§ Records from a collection:

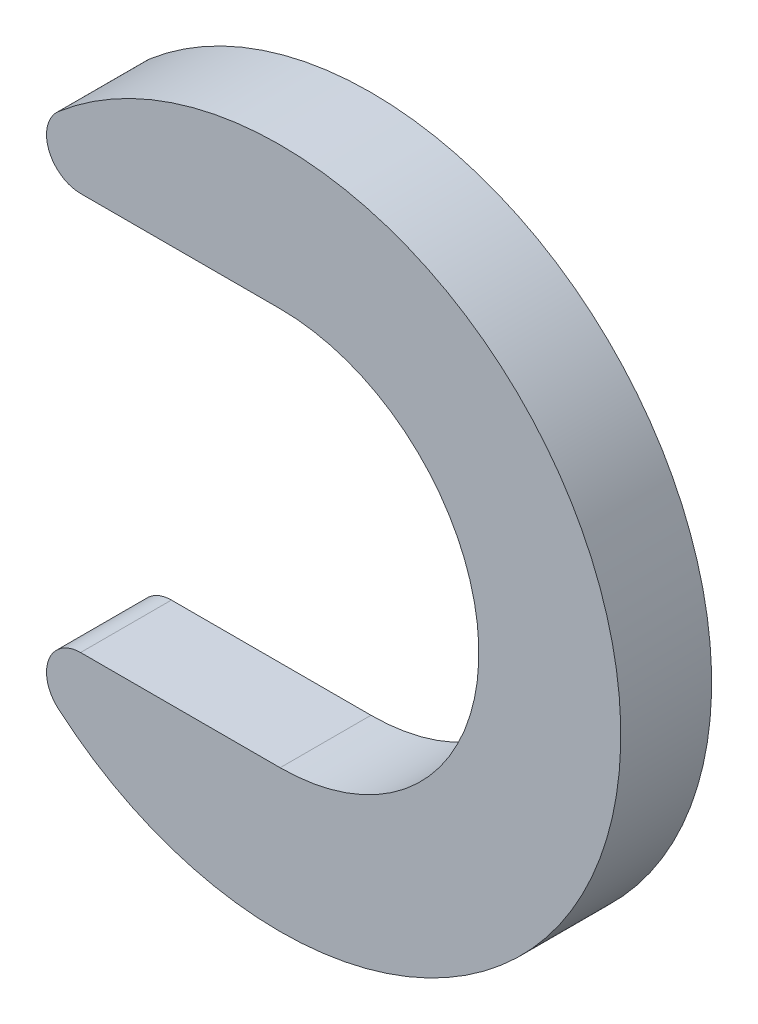
ISO-10303-21;
HEADER;
FILE_DESCRIPTION(('STEP AP214'),'2;1');
FILE_NAME('part.step','',(''),(''),'','','');
FILE_SCHEMA(('AUTOMOTIVE_DESIGN { 1 0 10303 214 1 1 1 1 }'));
ENDSEC;
DATA;
#1=APPLICATION_CONTEXT('core data for automotive mechanical design processes');
#2=APPLICATION_PROTOCOL_DEFINITION('international standard','automotive_design',2000,#1);
#3=PRODUCT_CONTEXT('',#1,'mechanical');
#4=PRODUCT('Part','Part','',(#3));
#5=PRODUCT_RELATED_PRODUCT_CATEGORY('part','',(#4));
#6=PRODUCT_DEFINITION_FORMATION('','',#4);
#7=PRODUCT_DEFINITION_CONTEXT('part definition',#1,'design');
#8=PRODUCT_DEFINITION('design','',#6,#7);
#9=PRODUCT_DEFINITION_SHAPE('','',#8);
#10=(LENGTH_UNIT() NAMED_UNIT(*) SI_UNIT(.MILLI.,.METRE.));
#11=(NAMED_UNIT(*) PLANE_ANGLE_UNIT() SI_UNIT($,.RADIAN.));
#12=(NAMED_UNIT(*) SI_UNIT($,.STERADIAN.) SOLID_ANGLE_UNIT());
#13=UNCERTAINTY_MEASURE_WITH_UNIT(LENGTH_MEASURE(1.E-05),#10,'distance_accuracy_value','');
#14=(GEOMETRIC_REPRESENTATION_CONTEXT(3) GLOBAL_UNCERTAINTY_ASSIGNED_CONTEXT((#13)) GLOBAL_UNIT_ASSIGNED_CONTEXT((#10,
#11,#12)) REPRESENTATION_CONTEXT('',''));
#15=CARTESIAN_POINT('',(0.,0.,0.));
#16=DIRECTION('',(0.,0.,1.));
#17=DIRECTION('',(1.,0.,0.));
#18=AXIS2_PLACEMENT_3D('',#15,#16,#17);
#19=CARTESIAN_POINT('',(0.,0.,8.));
#20=DIRECTION('',(0.,0.,-1.));
#21=DIRECTION('',(-1.,0.,0.));
#22=AXIS2_PLACEMENT_3D('',#19,#20,#21);
#23=CYLINDRICAL_SURFACE('',#22,17.5);
#24=CARTESIAN_POINT('',(0.,0.,0.));
#25=DIRECTION('',(0.,0.,-1.));
#26=DIRECTION('',(-1.,0.,0.));
#27=AXIS2_PLACEMENT_3D('',#24,#25,#26);
#28=CIRCLE('',#27,17.5);
#29=CARTESIAN_POINT('',(0.,17.5,0.));
#30=VERTEX_POINT('',#29);
#31=CARTESIAN_POINT('',(0.,-17.5,0.));
#32=VERTEX_POINT('',#31);
#33=EDGE_CURVE('E121',#30,#32,#28,.T.);
#34=ORIENTED_EDGE('',*,*,#33,.T.);
#35=DIRECTION('',(0.,0.,-1.));
#36=VECTOR('',#35,1.);
#37=CARTESIAN_POINT('',(0.,-17.5,8.));
#38=LINE('',#37,#36);
#39=CARTESIAN_POINT('',(0.,-17.5,8.));
#40=VERTEX_POINT('',#39);
#41=EDGE_CURVE('E11',#40,#32,#38,.T.);
#42=ORIENTED_EDGE('',*,*,#41,.F.);
#43=CARTESIAN_POINT('',(0.,0.,8.));
#44=DIRECTION('',(0.,0.,-1.));
#45=DIRECTION('',(-1.,0.,0.));
#46=AXIS2_PLACEMENT_3D('',#43,#44,#45);
#47=CIRCLE('',#46,17.5);
#48=CARTESIAN_POINT('',(0.,17.5,8.));
#49=VERTEX_POINT('',#48);
#50=EDGE_CURVE('E85',#49,#40,#47,.T.);
#51=ORIENTED_EDGE('',*,*,#50,.F.);
#52=DIRECTION('',(0.,0.,-1.));
#53=VECTOR('',#52,1.);
#54=CARTESIAN_POINT('',(0.,17.5,8.));
#55=LINE('',#54,#53);
#56=EDGE_CURVE('E117',#49,#30,#55,.T.);
#57=ORIENTED_EDGE('',*,*,#56,.T.);
#58=EDGE_LOOP('',(#34,#42,#51,#57));
#59=FACE_BOUND('',#58,.T.);
#60=ADVANCED_FACE('F39',(#59),#23,.F.);
#61=CARTESIAN_POINT('',(-17.5712833908056,-17.5,8.));
#62=DIRECTION('',(0.,1.,0.));
#63=DIRECTION('',(0.,0.,1.));
#64=AXIS2_PLACEMENT_3D('',#61,#62,#63);
#65=PLANE('',#64);
#66=DIRECTION('',(1.,0.,0.));
#67=VECTOR('',#66,1.);
#68=CARTESIAN_POINT('',(-17.5712833908056,-17.5,0.));
#69=LINE('',#68,#67);
#70=CARTESIAN_POINT('',(-17.5712833908056,-17.5,0.));
#71=VERTEX_POINT('',#70);
#72=EDGE_CURVE('E124',#71,#32,#69,.T.);
#73=ORIENTED_EDGE('',*,*,#72,.F.);
#74=DIRECTION('',(0.,0.,-1.));
#75=VECTOR('',#74,1.);
#76=CARTESIAN_POINT('',(-17.5712833908056,-17.5,8.));
#77=LINE('',#76,#75);
#78=CARTESIAN_POINT('',(-17.5712833908056,-17.5,8.));
#79=VERTEX_POINT('',#78);
#80=EDGE_CURVE('E47',#79,#71,#77,.T.);
#81=ORIENTED_EDGE('',*,*,#80,.F.);
#82=DIRECTION('',(1.,0.,0.));
#83=VECTOR('',#82,1.);
#84=CARTESIAN_POINT('',(-17.5712833908056,-17.5,8.));
#85=LINE('',#84,#83);
#86=EDGE_CURVE('E145',#79,#40,#85,.T.);
#87=ORIENTED_EDGE('',*,*,#86,.T.);
#88=ORIENTED_EDGE('',*,*,#41,.T.);
#89=EDGE_LOOP('',(#73,#81,#87,#88));
#90=FACE_BOUND('',#89,.T.);
#91=ADVANCED_FACE('F144',(#90),#65,.T.);
#92=CARTESIAN_POINT('',(-17.5712833908056,-20.5,8.));
#93=DIRECTION('',(0.,0.,-1.));
#94=DIRECTION('',(-1.,0.,0.));
#95=AXIS2_PLACEMENT_3D('',#92,#93,#94);
#96=CYLINDRICAL_SURFACE('',#95,3.);
#97=CARTESIAN_POINT('',(-17.5712833908056,-20.5,0.));
#98=DIRECTION('',(0.,0.,1.));
#99=DIRECTION('',(1.,0.,0.));
#100=AXIS2_PLACEMENT_3D('',#97,#98,#99);
#101=CIRCLE('',#100,3.);
#102=CARTESIAN_POINT('',(-19.5236482120062,-22.7777777777778,0.));
#103=VERTEX_POINT('',#102);
#104=EDGE_CURVE('E127',#71,#103,#101,.T.);
#105=ORIENTED_EDGE('',*,*,#104,.T.);
#106=DIRECTION('',(0.,0.,-1.));
#107=VECTOR('',#106,1.);
#108=CARTESIAN_POINT('',(-19.5236482120062,-22.7777777777778,8.));
#109=LINE('',#108,#107);
#110=CARTESIAN_POINT('',(-19.5236482120062,-22.7777777777778,8.));
#111=VERTEX_POINT('',#110);
#112=EDGE_CURVE('E113',#111,#103,#109,.T.);
#113=ORIENTED_EDGE('',*,*,#112,.F.);
#114=CARTESIAN_POINT('',(-17.5712833908056,-20.5,8.));
#115=DIRECTION('',(0.,0.,1.));
#116=DIRECTION('',(1.,0.,0.));
#117=AXIS2_PLACEMENT_3D('',#114,#115,#116);
#118=CIRCLE('',#117,3.);
#119=EDGE_CURVE('E100',#79,#111,#118,.T.);
#120=ORIENTED_EDGE('',*,*,#119,.F.);
#121=ORIENTED_EDGE('',*,*,#80,.T.);
#122=EDGE_LOOP('',(#105,#113,#120,#121));
#123=FACE_BOUND('',#122,.T.);
#124=ADVANCED_FACE('F137',(#123),#96,.T.);
#125=CARTESIAN_POINT('',(0.,0.,8.));
#126=DIRECTION('',(0.,0.,-1.));
#127=DIRECTION('',(-1.,0.,0.));
#128=AXIS2_PLACEMENT_3D('',#125,#126,#127);
#129=CYLINDRICAL_SURFACE('',#128,30.);
#130=CARTESIAN_POINT('',(0.,0.,0.));
#131=DIRECTION('',(0.,0.,1.));
#132=DIRECTION('',(1.,0.,0.));
#133=AXIS2_PLACEMENT_3D('',#130,#131,#132);
#134=CIRCLE('',#133,30.);
#135=CARTESIAN_POINT('',(-19.5236482120062,22.7777777777778,0.));
#136=VERTEX_POINT('',#135);
#137=EDGE_CURVE('E109',#103,#136,#134,.T.);
#138=ORIENTED_EDGE('',*,*,#137,.T.);
#139=DIRECTION('',(0.,0.,-1.));
#140=VECTOR('',#139,1.);
#141=CARTESIAN_POINT('',(-19.5236482120062,22.7777777777778,8.));
#142=LINE('',#141,#140);
#143=CARTESIAN_POINT('',(-19.5236482120062,22.7777777777778,8.));
#144=VERTEX_POINT('',#143);
#145=EDGE_CURVE('E106',#144,#136,#142,.T.);
#146=ORIENTED_EDGE('',*,*,#145,.F.);
#147=CARTESIAN_POINT('',(0.,0.,8.));
#148=DIRECTION('',(0.,0.,1.));
#149=DIRECTION('',(1.,0.,0.));
#150=AXIS2_PLACEMENT_3D('',#147,#148,#149);
#151=CIRCLE('',#150,30.);
#152=EDGE_CURVE('E94',#111,#144,#151,.T.);
#153=ORIENTED_EDGE('',*,*,#152,.F.);
#154=ORIENTED_EDGE('',*,*,#112,.T.);
#155=EDGE_LOOP('',(#138,#146,#153,#154));
#156=FACE_BOUND('',#155,.T.);
#157=ADVANCED_FACE('F107',(#156),#129,.T.);
#158=CARTESIAN_POINT('',(-17.5712833908056,20.5,8.));
#159=DIRECTION('',(0.,0.,-1.));
#160=DIRECTION('',(-1.,0.,0.));
#161=AXIS2_PLACEMENT_3D('',#158,#159,#160);
#162=CYLINDRICAL_SURFACE('',#161,3.);
#163=CARTESIAN_POINT('',(-17.5712833908056,20.5,0.));
#164=DIRECTION('',(0.,0.,-1.));
#165=DIRECTION('',(-1.,0.,0.));
#166=AXIS2_PLACEMENT_3D('',#163,#164,#165);
#167=CIRCLE('',#166,3.);
#168=CARTESIAN_POINT('',(-17.5712833908056,17.5,0.));
#169=VERTEX_POINT('',#168);
#170=EDGE_CURVE('E130',#169,#136,#167,.T.);
#171=ORIENTED_EDGE('',*,*,#170,.F.);
#172=DIRECTION('',(0.,0.,-1.));
#173=VECTOR('',#172,1.);
#174=CARTESIAN_POINT('',(-17.5712833908056,17.5,8.));
#175=LINE('',#174,#173);
#176=CARTESIAN_POINT('',(-17.5712833908056,17.5,8.));
#177=VERTEX_POINT('',#176);
#178=EDGE_CURVE('E76',#177,#169,#175,.T.);
#179=ORIENTED_EDGE('',*,*,#178,.F.);
#180=CARTESIAN_POINT('',(-17.5712833908056,20.5,8.));
#181=DIRECTION('',(0.,0.,-1.));
#182=DIRECTION('',(-1.,0.,0.));
#183=AXIS2_PLACEMENT_3D('',#180,#181,#182);
#184=CIRCLE('',#183,3.);
#185=EDGE_CURVE('E98',#177,#144,#184,.T.);
#186=ORIENTED_EDGE('',*,*,#185,.T.);
#187=ORIENTED_EDGE('',*,*,#145,.T.);
#188=EDGE_LOOP('',(#171,#179,#186,#187));
#189=FACE_BOUND('',#188,.T.);
#190=ADVANCED_FACE('F115',(#189),#162,.T.);
#191=CARTESIAN_POINT('',(-17.5712833908056,17.5,8.));
#192=DIRECTION('',(0.,1.,0.));
#193=DIRECTION('',(0.,0.,1.));
#194=AXIS2_PLACEMENT_3D('',#191,#192,#193);
#195=PLANE('',#194);
#196=DIRECTION('',(1.,0.,0.));
#197=VECTOR('',#196,1.);
#198=CARTESIAN_POINT('',(-17.5712833908056,17.5,0.));
#199=LINE('',#198,#197);
#200=EDGE_CURVE('E79',#169,#30,#199,.T.);
#201=ORIENTED_EDGE('',*,*,#200,.T.);
#202=ORIENTED_EDGE('',*,*,#56,.F.);
#203=DIRECTION('',(1.,0.,0.));
#204=VECTOR('',#203,1.);
#205=CARTESIAN_POINT('',(-17.5712833908056,17.5,8.));
#206=LINE('',#205,#204);
#207=EDGE_CURVE('E55',#177,#49,#206,.T.);
#208=ORIENTED_EDGE('',*,*,#207,.F.);
#209=ORIENTED_EDGE('',*,*,#178,.T.);
#210=EDGE_LOOP('',(#201,#202,#208,#209));
#211=FACE_BOUND('',#210,.T.);
#212=ADVANCED_FACE('F147',(#211),#195,.F.);
#213=CARTESIAN_POINT('',(0.,0.,8.));
#214=DIRECTION('',(0.,0.,-1.));
#215=DIRECTION('',(-1.,0.,0.));
#216=AXIS2_PLACEMENT_3D('',#213,#214,#215);
#217=PLANE('',#216);
#218=ORIENTED_EDGE('',*,*,#50,.T.);
#219=ORIENTED_EDGE('',*,*,#86,.F.);
#220=ORIENTED_EDGE('',*,*,#119,.T.);
#221=ORIENTED_EDGE('',*,*,#152,.T.);
#222=ORIENTED_EDGE('',*,*,#185,.F.);
#223=ORIENTED_EDGE('',*,*,#207,.T.);
#224=EDGE_LOOP('',(#218,#219,#220,#221,#222,#223));
#225=FACE_BOUND('',#224,.T.);
#226=ADVANCED_FACE('F96',(#225),#217,.F.);
#227=CARTESIAN_POINT('',(0.,0.,0.));
#228=DIRECTION('',(0.,0.,-1.));
#229=DIRECTION('',(-1.,0.,0.));
#230=AXIS2_PLACEMENT_3D('',#227,#228,#229);
#231=PLANE('',#230);
#232=ORIENTED_EDGE('',*,*,#33,.F.);
#233=ORIENTED_EDGE('',*,*,#200,.F.);
#234=ORIENTED_EDGE('',*,*,#170,.T.);
#235=ORIENTED_EDGE('',*,*,#137,.F.);
#236=ORIENTED_EDGE('',*,*,#104,.F.);
#237=ORIENTED_EDGE('',*,*,#72,.T.);
#238=EDGE_LOOP('',(#232,#233,#234,#235,#236,#237));
#239=FACE_BOUND('',#238,.T.);
#240=ADVANCED_FACE('F143',(#239),#231,.T.);
#241=CLOSED_SHELL('',(#60,#91,#124,#157,#190,#212,#226,#240));
#242=MANIFOLD_SOLID_BREP('B2',#241);
#243=ADVANCED_BREP_SHAPE_REPRESENTATION('',(#18,#242),#14);
#244=SHAPE_DEFINITION_REPRESENTATION(#9,#243);
ENDSEC;
END-ISO-10303-21;

§ Activity:
All that is wanted is each line, word for word, from the first line of the data to the one holding "#20=DIRECTION('',(0.,0.,-1.));", with the pictures left out.

§ Solution to the exercise:
ISO-10303-21;
HEADER;
FILE_DESCRIPTION(('STEP AP214'),'2;1');
FILE_NAME('part.step','',(''),(''),'','','');
FILE_SCHEMA(('AUTOMOTIVE_DESIGN { 1 0 10303 214 1 1 1 1 }'));
ENDSEC;
DATA;
#1=APPLICATION_CONTEXT('core data for automotive mechanical design processes');
#2=APPLICATION_PROTOCOL_DEFINITION('international standard','automotive_design',2000,#1);
#3=PRODUCT_CONTEXT('',#1,'mechanical');
#4=PRODUCT('Part','Part','',(#3));
#5=PRODUCT_RELATED_PRODUCT_CATEGORY('part','',(#4));
#6=PRODUCT_DEFINITION_FORMATION('','',#4);
#7=PRODUCT_DEFINITION_CONTEXT('part definition',#1,'design');
#8=PRODUCT_DEFINITION('design','',#6,#7);
#9=PRODUCT_DEFINITION_SHAPE('','',#8);
#10=(LENGTH_UNIT() NAMED_UNIT(*) SI_UNIT(.MILLI.,.METRE.));
#11=(NAMED_UNIT(*) PLANE_ANGLE_UNIT() SI_UNIT($,.RADIAN.));
#12=(NAMED_UNIT(*) SI_UNIT($,.STERADIAN.) SOLID_ANGLE_UNIT());
#13=UNCERTAINTY_MEASURE_WITH_UNIT(LENGTH_MEASURE(1.E-05),#10,'distance_accuracy_value','');
#14=(GEOMETRIC_REPRESENTATION_CONTEXT(3) GLOBAL_UNCERTAINTY_ASSIGNED_CONTEXT((#13)) GLOBAL_UNIT_ASSIGNED_CONTEXT((#10,
#11,#12)) REPRESENTATION_CONTEXT('',''));
#15=CARTESIAN_POINT('',(0.,0.,0.));
#16=DIRECTION('',(0.,0.,1.));
#17=DIRECTION('',(1.,0.,0.));
#18=AXIS2_PLACEMENT_3D('',#15,#16,#17);
#19=CARTESIAN_POINT('',(0.,0.,8.));
#20=DIRECTION('',(0.,0.,-1.));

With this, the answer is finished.